WHAT NEEDS TO BE DONE> From the first line to the last, please reproduce the material exactly, skipping the pictures.

PROVIDED MATERIAL>
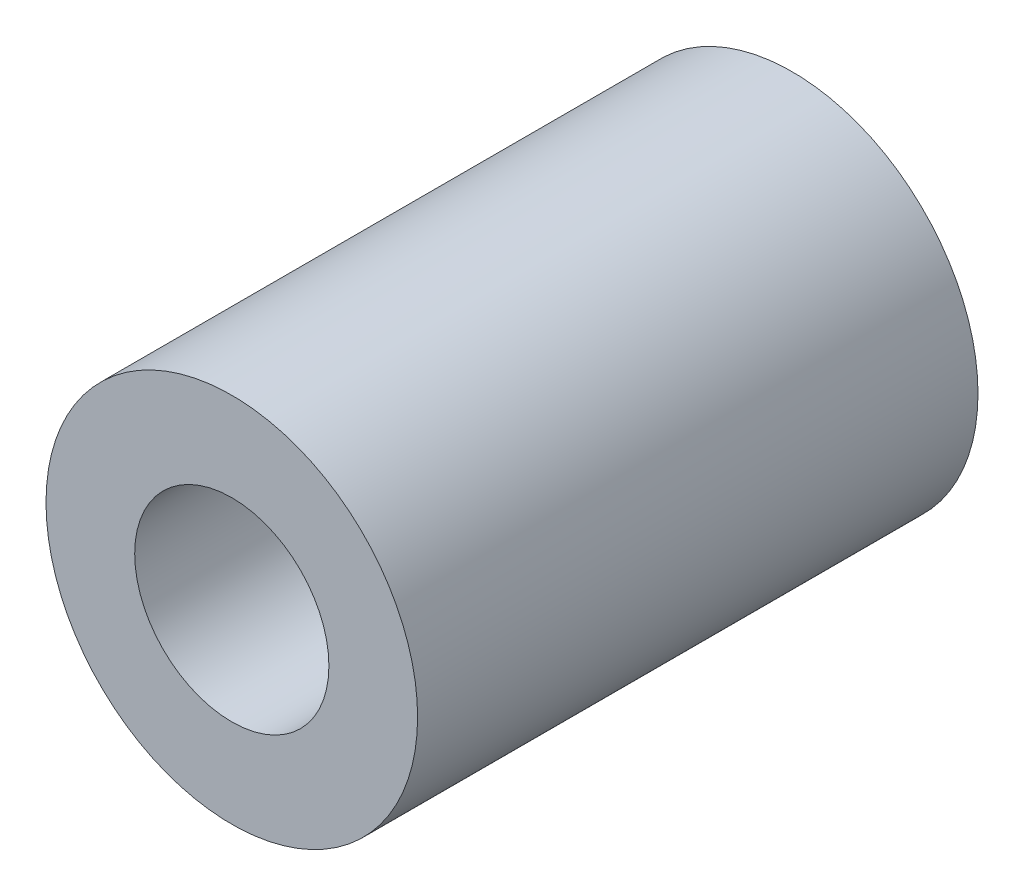
SolidWorks part; units mm, degrees
ref_plane "Front Plane" through (0, 0, 0) normal (0, 0, 1) x (1, 0, 0)
ref_plane "Top Plane" through (0, 0, 0) normal (0, 1, 0) x (1, 0, 0)
ref_plane "Right Plane" through (0, 0, 0) normal (1, 0, 0) x (0, 0, -1)
sketch "Sketch1" plane through (0, 0, 0) normal (0, 0, 1) x (1, 0, 0)
  circle A0 centre (0, 0) radius 2.4892
  circle A1 centre (0, 0) radius 4.7625
  dimension "D1" = 4.9784
  dimension "D2" = 9.525
extrude "Boss-Extrude1" add sketch "Sketch1" along normal mid plane 14.3637

REPLY>
SolidWorks part; units mm, degrees
ref_plane "Front Plane" through (0, 0, 0) normal (0, 0, 1) x (1, 0, 0)
ref_plane "Top Plane" through (0, 0, 0) normal (0, 1, 0) x (1, 0, 0)
ref_plane "Right Plane" through (0, 0, 0) normal (1, 0, 0) x (0, 0, -1)
sketch "Sketch1" plane through (0, 0, 0) normal (0, 0, 1) x (1, 0, 0)
  circle A0 centre (0, 0) radius 2.4892
  circle A1 centre (0, 0) radius 4.7625
  dimension "D1" = 4.9784
  dimension "D2" = 9.525
extrude "Boss-Extrude1" add sketch "Sketch1" along normal mid plane 14.3637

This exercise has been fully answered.